Recorded data:
* * *

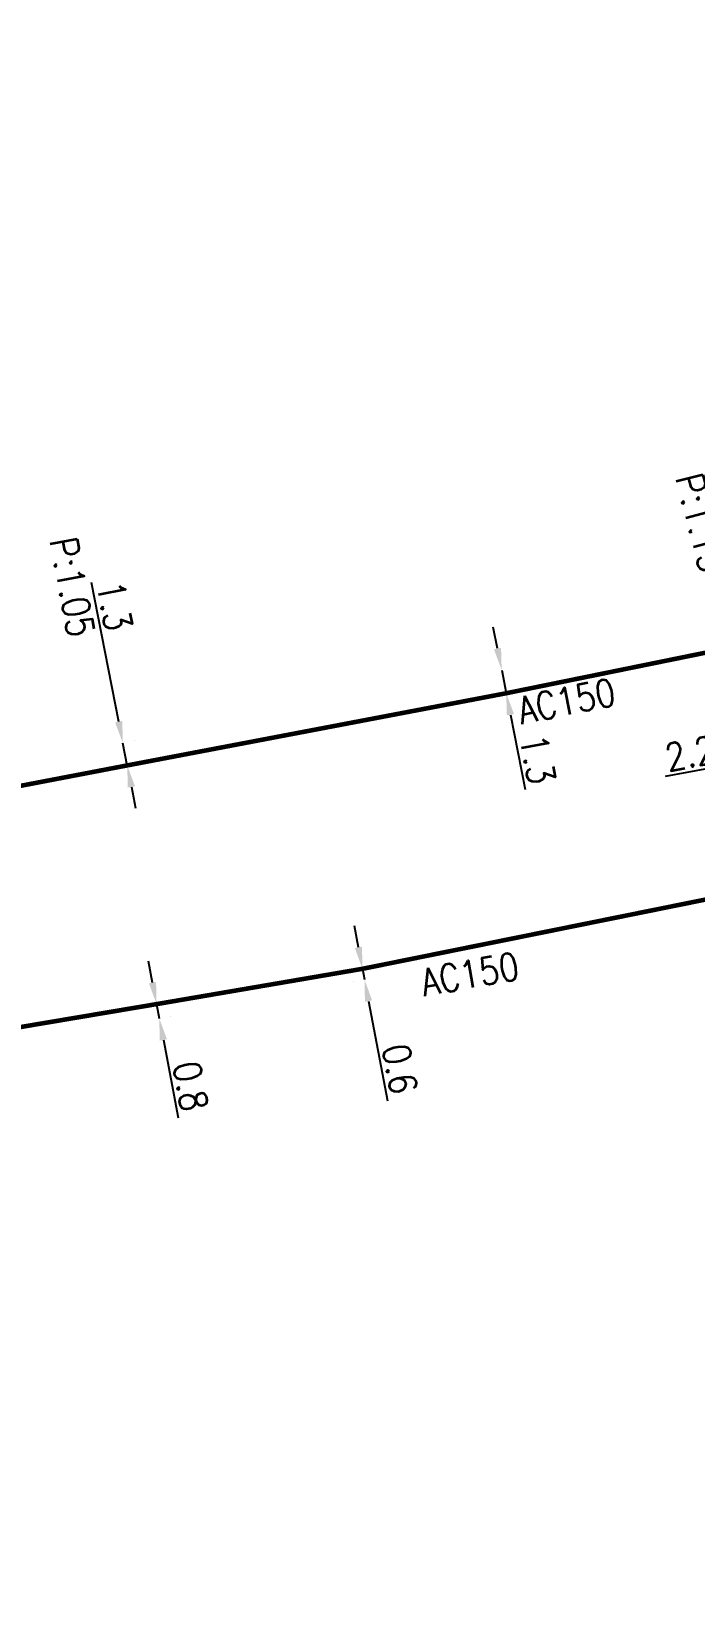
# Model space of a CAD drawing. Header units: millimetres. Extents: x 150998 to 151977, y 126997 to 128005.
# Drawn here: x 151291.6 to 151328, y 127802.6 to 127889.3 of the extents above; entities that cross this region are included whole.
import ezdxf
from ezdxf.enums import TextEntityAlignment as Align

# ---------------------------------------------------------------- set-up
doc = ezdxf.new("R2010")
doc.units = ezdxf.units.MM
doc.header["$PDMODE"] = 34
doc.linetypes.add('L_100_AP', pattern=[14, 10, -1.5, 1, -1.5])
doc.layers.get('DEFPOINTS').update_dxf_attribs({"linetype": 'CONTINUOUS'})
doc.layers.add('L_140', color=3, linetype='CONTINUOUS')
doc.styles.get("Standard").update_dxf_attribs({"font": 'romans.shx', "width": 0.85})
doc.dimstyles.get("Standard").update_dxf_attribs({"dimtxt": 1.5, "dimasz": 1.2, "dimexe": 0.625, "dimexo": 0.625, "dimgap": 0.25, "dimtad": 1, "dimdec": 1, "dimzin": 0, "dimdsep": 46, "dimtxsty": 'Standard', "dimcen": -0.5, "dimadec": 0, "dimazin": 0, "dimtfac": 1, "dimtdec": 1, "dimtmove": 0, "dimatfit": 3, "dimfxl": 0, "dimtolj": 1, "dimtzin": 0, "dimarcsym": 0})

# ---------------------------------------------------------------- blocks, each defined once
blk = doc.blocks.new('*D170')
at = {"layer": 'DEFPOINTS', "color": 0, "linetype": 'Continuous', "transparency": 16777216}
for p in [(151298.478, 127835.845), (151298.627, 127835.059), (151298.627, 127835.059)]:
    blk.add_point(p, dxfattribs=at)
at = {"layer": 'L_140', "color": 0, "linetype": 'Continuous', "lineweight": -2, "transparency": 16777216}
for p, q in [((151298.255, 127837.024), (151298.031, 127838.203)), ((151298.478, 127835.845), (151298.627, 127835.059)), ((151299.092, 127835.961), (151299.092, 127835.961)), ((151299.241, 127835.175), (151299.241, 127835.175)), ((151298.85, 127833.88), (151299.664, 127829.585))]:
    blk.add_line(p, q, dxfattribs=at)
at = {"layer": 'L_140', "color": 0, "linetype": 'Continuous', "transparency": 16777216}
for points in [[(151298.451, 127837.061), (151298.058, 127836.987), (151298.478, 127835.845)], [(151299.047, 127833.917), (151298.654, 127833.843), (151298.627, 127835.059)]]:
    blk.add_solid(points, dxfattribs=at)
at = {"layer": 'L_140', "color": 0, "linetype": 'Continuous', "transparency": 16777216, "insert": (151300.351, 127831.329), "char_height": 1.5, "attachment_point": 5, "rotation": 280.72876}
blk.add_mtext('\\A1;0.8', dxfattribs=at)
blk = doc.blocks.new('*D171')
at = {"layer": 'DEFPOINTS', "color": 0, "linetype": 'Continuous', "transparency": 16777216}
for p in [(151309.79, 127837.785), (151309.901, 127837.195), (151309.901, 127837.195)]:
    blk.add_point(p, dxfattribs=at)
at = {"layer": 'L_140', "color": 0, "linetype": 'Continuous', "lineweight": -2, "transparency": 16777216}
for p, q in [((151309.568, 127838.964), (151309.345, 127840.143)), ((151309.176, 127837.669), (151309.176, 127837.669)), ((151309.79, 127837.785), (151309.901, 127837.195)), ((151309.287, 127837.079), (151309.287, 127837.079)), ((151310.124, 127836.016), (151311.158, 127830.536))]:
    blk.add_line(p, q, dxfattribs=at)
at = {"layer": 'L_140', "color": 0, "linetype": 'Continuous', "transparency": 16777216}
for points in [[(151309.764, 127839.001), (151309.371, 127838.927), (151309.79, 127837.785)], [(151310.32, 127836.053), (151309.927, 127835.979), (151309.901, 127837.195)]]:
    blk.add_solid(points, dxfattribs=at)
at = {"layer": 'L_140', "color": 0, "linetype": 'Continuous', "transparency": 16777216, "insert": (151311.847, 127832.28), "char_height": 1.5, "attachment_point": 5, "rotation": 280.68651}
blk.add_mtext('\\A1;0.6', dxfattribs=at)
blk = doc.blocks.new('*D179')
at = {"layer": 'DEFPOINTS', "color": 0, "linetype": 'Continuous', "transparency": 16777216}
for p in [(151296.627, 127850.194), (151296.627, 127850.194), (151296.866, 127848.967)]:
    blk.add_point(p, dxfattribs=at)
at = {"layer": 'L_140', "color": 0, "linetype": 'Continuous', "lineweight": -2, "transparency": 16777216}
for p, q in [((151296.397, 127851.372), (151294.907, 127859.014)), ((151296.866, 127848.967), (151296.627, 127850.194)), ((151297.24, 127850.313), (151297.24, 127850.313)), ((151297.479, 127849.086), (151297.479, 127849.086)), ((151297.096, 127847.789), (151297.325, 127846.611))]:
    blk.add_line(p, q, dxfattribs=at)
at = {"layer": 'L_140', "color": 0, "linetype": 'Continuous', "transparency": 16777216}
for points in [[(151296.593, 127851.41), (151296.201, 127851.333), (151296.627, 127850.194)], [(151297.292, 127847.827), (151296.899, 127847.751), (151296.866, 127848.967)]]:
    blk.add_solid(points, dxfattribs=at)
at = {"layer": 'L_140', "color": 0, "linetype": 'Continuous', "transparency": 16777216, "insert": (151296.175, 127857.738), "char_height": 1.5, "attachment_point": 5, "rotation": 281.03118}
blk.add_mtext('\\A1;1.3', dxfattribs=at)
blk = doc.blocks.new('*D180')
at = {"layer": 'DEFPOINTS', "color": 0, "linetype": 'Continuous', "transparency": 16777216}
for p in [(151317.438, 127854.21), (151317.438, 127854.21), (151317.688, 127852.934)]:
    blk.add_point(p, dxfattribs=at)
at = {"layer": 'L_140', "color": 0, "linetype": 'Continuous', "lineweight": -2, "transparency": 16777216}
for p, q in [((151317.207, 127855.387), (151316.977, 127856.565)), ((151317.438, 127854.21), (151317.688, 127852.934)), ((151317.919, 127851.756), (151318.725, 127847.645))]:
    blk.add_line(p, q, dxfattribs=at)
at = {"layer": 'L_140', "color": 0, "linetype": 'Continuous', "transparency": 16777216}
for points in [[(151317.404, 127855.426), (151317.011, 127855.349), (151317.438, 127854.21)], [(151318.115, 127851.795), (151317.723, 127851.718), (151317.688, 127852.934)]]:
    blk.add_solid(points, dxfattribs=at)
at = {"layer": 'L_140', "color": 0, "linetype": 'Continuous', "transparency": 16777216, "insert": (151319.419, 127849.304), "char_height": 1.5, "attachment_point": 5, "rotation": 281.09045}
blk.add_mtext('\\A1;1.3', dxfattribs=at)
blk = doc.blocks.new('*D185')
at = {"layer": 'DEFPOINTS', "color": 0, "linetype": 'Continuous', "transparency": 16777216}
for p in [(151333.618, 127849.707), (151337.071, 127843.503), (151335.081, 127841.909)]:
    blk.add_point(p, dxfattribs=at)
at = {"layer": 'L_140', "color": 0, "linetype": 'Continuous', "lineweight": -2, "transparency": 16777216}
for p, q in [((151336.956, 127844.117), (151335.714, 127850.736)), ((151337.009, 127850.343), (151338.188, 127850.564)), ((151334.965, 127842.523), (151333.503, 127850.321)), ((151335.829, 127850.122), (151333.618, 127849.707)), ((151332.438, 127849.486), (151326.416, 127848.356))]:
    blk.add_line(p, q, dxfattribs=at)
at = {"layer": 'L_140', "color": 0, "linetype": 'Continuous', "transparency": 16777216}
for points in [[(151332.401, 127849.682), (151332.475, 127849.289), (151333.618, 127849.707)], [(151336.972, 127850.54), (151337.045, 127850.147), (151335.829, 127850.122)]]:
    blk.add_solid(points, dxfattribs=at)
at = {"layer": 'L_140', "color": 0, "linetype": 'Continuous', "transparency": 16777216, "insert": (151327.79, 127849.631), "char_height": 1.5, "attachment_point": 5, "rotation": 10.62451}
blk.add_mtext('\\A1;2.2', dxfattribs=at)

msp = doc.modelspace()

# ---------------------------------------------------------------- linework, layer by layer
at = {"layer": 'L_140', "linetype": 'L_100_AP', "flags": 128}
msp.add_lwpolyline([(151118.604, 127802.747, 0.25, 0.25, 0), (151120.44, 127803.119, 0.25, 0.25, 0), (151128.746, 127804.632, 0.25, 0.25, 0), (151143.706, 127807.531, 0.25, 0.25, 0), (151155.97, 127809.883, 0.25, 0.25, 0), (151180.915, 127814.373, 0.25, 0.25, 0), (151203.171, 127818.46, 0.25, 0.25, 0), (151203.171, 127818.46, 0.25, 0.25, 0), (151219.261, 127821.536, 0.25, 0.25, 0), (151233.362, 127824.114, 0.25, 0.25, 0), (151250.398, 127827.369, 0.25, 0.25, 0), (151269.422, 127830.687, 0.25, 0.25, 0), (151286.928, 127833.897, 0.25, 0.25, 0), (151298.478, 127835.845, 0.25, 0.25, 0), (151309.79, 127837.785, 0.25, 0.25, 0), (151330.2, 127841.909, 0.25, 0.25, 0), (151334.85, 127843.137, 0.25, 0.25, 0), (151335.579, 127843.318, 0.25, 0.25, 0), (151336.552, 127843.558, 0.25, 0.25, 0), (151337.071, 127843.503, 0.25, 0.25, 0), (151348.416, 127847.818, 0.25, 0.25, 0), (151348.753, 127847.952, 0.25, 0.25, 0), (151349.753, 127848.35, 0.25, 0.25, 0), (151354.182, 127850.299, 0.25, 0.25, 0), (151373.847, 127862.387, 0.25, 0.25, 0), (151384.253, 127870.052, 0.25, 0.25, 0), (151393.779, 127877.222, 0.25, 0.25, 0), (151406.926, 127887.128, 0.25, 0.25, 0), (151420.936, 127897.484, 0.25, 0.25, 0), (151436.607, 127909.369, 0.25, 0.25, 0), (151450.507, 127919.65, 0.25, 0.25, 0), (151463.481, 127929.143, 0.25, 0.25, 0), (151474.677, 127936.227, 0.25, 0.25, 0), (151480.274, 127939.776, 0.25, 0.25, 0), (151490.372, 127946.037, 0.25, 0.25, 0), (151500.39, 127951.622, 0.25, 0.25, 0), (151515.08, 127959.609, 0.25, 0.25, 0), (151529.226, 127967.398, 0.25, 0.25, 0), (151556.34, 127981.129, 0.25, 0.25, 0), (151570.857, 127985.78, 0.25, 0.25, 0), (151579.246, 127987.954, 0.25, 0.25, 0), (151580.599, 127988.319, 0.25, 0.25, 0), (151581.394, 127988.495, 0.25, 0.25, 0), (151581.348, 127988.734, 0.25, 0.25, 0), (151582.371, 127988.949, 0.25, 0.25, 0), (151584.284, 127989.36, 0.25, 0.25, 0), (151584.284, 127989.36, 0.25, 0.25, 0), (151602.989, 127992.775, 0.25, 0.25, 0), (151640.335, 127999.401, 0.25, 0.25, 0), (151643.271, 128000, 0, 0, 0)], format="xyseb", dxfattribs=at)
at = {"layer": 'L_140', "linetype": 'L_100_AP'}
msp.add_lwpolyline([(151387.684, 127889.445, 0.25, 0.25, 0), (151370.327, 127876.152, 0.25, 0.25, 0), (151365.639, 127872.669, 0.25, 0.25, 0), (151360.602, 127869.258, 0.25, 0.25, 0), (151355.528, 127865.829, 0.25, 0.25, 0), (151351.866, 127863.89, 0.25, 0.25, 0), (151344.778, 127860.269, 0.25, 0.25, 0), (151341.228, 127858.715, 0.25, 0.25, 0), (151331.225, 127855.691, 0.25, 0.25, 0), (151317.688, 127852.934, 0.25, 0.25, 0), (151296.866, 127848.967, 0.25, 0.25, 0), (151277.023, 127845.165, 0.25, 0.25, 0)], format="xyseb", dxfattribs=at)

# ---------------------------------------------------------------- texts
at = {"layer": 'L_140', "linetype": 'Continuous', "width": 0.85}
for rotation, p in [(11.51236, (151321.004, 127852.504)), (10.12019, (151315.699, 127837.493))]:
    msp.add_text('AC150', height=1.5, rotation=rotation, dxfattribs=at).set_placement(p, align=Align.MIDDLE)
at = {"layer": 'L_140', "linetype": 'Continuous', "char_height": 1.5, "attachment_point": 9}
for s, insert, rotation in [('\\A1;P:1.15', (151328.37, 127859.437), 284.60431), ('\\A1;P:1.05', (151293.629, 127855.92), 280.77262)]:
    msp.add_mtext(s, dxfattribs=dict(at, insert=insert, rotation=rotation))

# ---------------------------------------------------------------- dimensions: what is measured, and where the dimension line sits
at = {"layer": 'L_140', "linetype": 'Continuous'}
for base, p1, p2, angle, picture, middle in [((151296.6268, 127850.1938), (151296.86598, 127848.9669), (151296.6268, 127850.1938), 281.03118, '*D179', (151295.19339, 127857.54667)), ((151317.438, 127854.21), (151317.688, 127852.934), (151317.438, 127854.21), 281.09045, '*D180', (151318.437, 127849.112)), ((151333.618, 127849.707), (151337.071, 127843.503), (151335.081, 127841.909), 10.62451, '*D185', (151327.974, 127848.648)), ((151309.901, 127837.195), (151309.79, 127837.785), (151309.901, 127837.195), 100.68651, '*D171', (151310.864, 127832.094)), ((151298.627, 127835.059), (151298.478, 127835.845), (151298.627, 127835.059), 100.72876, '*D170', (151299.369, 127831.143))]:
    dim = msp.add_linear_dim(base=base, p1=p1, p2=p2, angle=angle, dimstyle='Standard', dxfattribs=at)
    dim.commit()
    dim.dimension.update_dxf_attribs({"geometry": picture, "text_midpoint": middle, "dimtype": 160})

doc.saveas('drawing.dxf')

* * *

--- WHAT THE EXERCISE ASKS ---
Using the records above, restate word for word the lines from the one with "for s, insert, rotation" through the one with "dxfattribs=dict(at, insert=insert, rotation=rotation))", both included.

--- EXERCISE OUTPUT ---
for s, insert, rotation in [('\\A1;P:1.15', (151328.37, 127859.437), 284.60431), ('\\A1;P:1.05', (151293.629, 127855.92), 280.77262)]:
    msp.add_mtext(s, dxfattribs=dict(at, insert=insert, rotation=rotation))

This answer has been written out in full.